(DESCRIPTION OF THE TASK) Quote the listing below word for word, stopping after the line that contains "line L6 (0, 0) -> (0, 1000)".
+---+
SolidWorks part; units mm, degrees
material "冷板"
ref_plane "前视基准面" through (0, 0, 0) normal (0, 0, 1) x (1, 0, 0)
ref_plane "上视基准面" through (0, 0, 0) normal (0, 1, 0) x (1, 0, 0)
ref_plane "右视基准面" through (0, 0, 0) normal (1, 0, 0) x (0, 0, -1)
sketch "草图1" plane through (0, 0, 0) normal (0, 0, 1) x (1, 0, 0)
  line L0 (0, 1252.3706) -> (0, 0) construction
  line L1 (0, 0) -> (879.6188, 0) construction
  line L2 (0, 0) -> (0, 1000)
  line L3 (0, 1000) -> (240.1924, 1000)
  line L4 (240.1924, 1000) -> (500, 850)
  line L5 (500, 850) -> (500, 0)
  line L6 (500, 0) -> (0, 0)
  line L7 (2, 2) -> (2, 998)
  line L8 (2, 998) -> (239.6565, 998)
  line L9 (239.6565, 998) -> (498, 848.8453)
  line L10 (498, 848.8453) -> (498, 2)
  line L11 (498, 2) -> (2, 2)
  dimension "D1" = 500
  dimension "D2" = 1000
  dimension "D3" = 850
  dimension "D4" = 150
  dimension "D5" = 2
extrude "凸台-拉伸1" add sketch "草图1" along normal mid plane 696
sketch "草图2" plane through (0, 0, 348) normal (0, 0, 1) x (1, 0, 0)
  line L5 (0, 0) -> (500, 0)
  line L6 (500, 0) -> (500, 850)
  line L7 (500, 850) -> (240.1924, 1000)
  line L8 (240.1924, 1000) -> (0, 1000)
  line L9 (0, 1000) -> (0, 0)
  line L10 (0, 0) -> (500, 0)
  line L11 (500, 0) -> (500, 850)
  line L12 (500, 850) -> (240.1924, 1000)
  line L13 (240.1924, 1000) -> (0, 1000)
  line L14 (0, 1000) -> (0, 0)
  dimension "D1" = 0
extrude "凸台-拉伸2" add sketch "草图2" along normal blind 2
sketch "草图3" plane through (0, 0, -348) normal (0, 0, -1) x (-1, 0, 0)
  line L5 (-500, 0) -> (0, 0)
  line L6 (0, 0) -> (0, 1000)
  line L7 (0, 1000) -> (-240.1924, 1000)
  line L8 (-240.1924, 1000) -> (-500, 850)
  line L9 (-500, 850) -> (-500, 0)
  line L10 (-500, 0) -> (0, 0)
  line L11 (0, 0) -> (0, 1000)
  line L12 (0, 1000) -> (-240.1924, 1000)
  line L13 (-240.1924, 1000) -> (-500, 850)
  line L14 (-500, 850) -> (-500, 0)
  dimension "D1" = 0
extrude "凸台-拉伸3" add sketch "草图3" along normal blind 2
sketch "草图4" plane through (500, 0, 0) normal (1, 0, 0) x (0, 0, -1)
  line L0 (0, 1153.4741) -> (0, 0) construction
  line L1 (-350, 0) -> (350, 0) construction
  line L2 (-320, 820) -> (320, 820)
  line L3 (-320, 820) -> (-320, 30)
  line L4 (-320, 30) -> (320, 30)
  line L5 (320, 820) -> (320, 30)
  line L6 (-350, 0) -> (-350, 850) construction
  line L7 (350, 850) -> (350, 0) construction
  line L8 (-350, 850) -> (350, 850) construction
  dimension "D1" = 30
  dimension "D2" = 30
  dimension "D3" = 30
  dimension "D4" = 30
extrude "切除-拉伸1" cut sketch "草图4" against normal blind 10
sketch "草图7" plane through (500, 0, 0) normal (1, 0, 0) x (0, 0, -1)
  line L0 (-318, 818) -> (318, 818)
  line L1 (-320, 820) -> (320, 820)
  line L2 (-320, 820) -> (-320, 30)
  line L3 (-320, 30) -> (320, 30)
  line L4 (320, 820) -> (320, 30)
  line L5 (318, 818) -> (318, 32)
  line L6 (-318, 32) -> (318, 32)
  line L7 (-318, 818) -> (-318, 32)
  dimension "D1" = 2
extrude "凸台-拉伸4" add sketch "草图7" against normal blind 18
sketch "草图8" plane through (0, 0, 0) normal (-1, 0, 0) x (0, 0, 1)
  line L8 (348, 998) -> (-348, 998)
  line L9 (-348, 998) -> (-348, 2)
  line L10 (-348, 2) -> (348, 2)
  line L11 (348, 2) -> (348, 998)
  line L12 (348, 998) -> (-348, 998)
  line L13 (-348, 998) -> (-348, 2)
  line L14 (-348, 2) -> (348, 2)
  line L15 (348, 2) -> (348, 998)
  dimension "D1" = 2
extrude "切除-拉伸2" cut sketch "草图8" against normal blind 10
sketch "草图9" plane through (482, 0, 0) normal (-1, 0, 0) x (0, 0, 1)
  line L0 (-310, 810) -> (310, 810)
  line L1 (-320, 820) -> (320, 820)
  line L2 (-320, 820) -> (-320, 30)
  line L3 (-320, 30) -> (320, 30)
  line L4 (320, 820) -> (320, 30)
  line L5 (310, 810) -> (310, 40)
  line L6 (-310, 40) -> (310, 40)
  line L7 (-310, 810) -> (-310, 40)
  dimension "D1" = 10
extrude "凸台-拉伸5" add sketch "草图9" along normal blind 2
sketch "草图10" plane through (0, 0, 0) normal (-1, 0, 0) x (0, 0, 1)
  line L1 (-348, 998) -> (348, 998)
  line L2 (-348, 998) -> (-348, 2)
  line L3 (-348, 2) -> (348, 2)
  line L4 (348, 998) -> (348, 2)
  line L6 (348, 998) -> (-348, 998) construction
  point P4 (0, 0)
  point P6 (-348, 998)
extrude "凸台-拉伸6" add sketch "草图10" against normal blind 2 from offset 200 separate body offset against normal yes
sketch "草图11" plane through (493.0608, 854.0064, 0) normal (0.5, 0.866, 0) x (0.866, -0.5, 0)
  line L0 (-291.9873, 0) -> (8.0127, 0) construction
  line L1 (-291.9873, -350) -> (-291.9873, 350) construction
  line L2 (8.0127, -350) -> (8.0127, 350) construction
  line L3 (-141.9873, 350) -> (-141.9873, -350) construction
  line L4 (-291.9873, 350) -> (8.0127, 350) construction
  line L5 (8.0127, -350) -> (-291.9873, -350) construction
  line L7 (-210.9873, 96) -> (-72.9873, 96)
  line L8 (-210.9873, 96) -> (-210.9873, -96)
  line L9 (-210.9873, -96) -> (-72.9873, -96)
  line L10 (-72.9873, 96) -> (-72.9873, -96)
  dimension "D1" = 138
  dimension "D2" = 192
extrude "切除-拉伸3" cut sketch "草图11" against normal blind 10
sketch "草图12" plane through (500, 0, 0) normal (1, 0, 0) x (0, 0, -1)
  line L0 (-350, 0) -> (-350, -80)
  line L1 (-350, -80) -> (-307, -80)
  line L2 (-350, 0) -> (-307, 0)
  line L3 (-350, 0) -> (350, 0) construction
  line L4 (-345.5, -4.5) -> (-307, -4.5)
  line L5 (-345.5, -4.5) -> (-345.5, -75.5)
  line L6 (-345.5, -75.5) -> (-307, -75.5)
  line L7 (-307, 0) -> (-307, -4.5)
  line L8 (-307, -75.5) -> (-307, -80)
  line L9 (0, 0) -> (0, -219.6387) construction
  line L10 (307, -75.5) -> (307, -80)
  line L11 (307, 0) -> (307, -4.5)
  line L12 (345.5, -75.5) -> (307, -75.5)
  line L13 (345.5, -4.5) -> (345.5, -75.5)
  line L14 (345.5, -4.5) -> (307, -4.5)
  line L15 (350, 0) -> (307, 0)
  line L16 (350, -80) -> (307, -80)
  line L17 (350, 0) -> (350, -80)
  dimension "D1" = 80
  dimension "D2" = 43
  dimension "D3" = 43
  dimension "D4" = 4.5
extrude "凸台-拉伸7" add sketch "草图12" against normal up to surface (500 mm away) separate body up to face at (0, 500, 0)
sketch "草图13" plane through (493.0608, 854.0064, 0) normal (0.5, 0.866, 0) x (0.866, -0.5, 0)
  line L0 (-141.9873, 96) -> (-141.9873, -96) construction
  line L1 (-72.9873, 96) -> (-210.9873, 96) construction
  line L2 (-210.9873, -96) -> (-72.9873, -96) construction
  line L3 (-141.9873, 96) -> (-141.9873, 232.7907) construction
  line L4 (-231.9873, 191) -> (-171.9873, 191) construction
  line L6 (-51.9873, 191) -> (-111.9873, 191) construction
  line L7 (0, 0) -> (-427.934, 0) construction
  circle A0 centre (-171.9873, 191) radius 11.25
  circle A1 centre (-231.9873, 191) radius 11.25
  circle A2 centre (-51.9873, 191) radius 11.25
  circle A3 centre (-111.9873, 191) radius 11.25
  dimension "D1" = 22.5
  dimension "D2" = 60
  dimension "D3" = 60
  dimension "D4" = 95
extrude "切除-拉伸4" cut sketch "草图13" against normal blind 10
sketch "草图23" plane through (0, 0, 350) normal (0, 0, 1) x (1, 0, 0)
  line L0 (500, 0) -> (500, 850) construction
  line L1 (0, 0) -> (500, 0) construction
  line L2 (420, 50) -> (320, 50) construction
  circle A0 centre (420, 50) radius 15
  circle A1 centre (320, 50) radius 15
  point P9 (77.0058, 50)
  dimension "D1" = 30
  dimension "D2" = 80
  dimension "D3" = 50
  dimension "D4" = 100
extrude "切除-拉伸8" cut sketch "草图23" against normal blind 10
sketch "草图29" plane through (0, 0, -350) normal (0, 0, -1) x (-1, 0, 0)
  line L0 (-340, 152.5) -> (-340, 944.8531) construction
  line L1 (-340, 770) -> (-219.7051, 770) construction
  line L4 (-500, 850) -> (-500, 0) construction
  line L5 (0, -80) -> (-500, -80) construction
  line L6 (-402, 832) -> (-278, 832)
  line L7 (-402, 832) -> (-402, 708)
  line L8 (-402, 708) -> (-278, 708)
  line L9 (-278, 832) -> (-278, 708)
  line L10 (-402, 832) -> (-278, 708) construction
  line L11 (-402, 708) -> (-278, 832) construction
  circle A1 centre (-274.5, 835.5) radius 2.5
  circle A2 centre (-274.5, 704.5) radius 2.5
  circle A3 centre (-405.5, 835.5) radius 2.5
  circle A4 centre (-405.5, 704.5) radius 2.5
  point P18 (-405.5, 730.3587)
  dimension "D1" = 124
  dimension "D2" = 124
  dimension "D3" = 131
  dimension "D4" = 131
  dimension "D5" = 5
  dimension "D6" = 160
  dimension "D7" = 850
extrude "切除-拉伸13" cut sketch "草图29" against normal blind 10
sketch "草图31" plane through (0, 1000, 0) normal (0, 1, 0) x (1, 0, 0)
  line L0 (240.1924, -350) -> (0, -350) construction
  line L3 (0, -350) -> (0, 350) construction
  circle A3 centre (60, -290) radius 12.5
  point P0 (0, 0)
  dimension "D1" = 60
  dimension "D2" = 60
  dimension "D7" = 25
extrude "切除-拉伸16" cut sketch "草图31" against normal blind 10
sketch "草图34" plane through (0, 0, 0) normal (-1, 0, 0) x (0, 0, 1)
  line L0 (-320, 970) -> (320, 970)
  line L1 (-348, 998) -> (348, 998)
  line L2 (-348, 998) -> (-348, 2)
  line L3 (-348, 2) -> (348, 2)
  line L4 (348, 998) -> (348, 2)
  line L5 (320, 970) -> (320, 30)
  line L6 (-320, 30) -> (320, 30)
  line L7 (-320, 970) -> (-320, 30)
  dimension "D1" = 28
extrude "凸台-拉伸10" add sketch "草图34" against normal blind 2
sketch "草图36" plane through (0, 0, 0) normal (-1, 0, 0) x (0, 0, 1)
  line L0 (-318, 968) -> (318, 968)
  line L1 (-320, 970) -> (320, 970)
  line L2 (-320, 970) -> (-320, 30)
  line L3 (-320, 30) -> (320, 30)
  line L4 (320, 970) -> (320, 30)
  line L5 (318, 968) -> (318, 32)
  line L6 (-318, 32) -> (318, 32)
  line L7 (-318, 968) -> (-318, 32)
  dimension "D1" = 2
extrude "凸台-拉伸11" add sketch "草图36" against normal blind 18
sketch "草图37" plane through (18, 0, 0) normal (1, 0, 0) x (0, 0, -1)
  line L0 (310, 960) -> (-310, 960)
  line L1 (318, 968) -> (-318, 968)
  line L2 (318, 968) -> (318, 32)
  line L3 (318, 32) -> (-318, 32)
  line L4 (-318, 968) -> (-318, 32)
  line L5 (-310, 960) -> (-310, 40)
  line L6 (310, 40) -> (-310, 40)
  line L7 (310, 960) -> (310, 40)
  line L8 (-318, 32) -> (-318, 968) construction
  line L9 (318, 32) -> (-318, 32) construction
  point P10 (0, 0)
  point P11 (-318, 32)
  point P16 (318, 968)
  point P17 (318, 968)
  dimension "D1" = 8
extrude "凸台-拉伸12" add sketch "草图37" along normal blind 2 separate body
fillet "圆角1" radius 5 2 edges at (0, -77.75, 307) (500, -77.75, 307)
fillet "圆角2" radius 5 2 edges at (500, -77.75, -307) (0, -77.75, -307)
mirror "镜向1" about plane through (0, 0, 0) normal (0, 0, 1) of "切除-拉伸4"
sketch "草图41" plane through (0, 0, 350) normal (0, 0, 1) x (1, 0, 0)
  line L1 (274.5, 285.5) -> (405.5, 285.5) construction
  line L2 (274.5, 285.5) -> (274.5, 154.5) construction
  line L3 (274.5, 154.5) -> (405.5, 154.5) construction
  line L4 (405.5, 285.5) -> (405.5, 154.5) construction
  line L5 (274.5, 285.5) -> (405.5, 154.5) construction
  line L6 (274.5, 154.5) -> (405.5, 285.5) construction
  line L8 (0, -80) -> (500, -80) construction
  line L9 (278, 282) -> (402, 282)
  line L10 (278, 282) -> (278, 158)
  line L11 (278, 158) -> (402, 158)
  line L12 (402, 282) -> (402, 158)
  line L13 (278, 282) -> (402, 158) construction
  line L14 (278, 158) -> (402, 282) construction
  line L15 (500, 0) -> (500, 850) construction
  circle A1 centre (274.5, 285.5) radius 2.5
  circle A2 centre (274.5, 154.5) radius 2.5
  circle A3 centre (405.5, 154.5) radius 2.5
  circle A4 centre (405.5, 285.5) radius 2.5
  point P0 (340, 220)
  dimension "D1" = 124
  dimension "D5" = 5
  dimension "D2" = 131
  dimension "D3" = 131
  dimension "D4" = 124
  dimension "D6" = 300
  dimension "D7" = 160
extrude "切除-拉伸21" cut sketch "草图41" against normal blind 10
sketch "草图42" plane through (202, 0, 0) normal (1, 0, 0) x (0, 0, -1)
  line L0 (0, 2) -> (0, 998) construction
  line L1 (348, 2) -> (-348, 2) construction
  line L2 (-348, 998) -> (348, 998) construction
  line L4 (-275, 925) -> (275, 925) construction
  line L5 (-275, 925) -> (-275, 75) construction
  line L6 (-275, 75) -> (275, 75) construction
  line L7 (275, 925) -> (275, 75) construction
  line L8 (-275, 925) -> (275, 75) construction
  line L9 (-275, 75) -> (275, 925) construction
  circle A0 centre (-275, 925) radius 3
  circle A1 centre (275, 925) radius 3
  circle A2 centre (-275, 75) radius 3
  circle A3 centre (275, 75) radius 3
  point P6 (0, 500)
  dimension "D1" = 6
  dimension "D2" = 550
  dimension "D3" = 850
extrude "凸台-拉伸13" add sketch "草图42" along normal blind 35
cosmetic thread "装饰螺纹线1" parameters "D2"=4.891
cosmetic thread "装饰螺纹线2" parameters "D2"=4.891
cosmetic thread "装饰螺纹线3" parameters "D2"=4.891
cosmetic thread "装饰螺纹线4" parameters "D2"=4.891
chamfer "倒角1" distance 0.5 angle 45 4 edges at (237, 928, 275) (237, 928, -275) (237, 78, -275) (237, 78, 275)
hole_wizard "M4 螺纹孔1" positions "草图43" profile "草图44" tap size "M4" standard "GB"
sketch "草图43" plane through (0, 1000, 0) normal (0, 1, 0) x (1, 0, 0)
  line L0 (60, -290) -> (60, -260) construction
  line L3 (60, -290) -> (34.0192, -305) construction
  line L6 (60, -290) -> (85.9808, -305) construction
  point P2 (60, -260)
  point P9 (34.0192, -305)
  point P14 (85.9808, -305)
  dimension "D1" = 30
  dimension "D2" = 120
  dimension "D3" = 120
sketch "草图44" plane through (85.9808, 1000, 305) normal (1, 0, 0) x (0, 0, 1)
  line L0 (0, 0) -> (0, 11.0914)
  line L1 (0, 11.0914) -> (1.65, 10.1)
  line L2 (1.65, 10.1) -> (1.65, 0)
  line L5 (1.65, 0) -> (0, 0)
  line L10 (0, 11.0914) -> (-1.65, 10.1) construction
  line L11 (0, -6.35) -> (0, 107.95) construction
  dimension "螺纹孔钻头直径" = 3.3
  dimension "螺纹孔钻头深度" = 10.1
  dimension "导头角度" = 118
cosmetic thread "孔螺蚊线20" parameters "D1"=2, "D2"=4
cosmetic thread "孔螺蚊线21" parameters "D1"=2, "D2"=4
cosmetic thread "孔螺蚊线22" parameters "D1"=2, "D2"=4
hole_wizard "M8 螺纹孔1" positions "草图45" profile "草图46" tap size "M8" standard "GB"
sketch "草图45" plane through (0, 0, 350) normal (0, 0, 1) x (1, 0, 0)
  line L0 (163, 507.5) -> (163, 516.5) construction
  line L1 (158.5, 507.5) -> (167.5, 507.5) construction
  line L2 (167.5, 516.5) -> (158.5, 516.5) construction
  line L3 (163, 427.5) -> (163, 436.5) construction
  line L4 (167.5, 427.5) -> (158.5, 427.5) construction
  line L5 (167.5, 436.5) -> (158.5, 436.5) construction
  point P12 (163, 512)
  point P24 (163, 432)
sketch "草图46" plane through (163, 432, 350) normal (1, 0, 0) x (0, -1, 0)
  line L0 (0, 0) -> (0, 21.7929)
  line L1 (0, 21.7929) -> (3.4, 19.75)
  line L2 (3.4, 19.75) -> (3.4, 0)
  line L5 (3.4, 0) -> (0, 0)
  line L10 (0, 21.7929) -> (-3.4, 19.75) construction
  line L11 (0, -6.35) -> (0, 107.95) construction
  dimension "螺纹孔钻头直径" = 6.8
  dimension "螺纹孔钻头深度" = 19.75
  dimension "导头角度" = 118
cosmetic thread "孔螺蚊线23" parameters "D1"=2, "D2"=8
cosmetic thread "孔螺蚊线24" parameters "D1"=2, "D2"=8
+---+
(EXERCISE OUTPUT)
SolidWorks part; units mm, degrees
material "冷板"
ref_plane "前视基准面" through (0, 0, 0) normal (0, 0, 1) x (1, 0, 0)
ref_plane "上视基准面" through (0, 0, 0) normal (0, 1, 0) x (1, 0, 0)
ref_plane "右视基准面" through (0, 0, 0) normal (1, 0, 0) x (0, 0, -1)
sketch "草图1" plane through (0, 0, 0) normal (0, 0, 1) x (1, 0, 0)
  line L0 (0, 1252.3706) -> (0, 0) construction
  line L1 (0, 0) -> (879.6188, 0) construction
  line L2 (0, 0) -> (0, 1000)
  line L3 (0, 1000) -> (240.1924, 1000)
  line L4 (240.1924, 1000) -> (500, 850)
  line L5 (500, 850) -> (500, 0)
  line L6 (500, 0) -> (0, 0)
  line L7 (2, 2) -> (2, 998)
  line L8 (2, 998) -> (239.6565, 998)
  line L9 (239.6565, 998) -> (498, 848.8453)
  line L10 (498, 848.8453) -> (498, 2)
  line L11 (498, 2) -> (2, 2)
  dimension "D1" = 500
  dimension "D2" = 1000
  dimension "D3" = 850
  dimension "D4" = 150
  dimension "D5" = 2
extrude "凸台-拉伸1" add sketch "草图1" along normal mid plane 696
sketch "草图2" plane through (0, 0, 348) normal (0, 0, 1) x (1, 0, 0)
  line L5 (0, 0) -> (500, 0)
  line L6 (500, 0) -> (500, 850)
  line L7 (500, 850) -> (240.1924, 1000)
  line L8 (240.1924, 1000) -> (0, 1000)
  line L9 (0, 1000) -> (0, 0)
  line L10 (0, 0) -> (500, 0)
  line L11 (500, 0) -> (500, 850)
  line L12 (500, 850) -> (240.1924, 1000)
  line L13 (240.1924, 1000) -> (0, 1000)
  line L14 (0, 1000) -> (0, 0)
  dimension "D1" = 0
extrude "凸台-拉伸2" add sketch "草图2" along normal blind 2
sketch "草图3" plane through (0, 0, -348) normal (0, 0, -1) x (-1, 0, 0)
  line L5 (-500, 0) -> (0, 0)
  line L6 (0, 0) -> (0, 1000)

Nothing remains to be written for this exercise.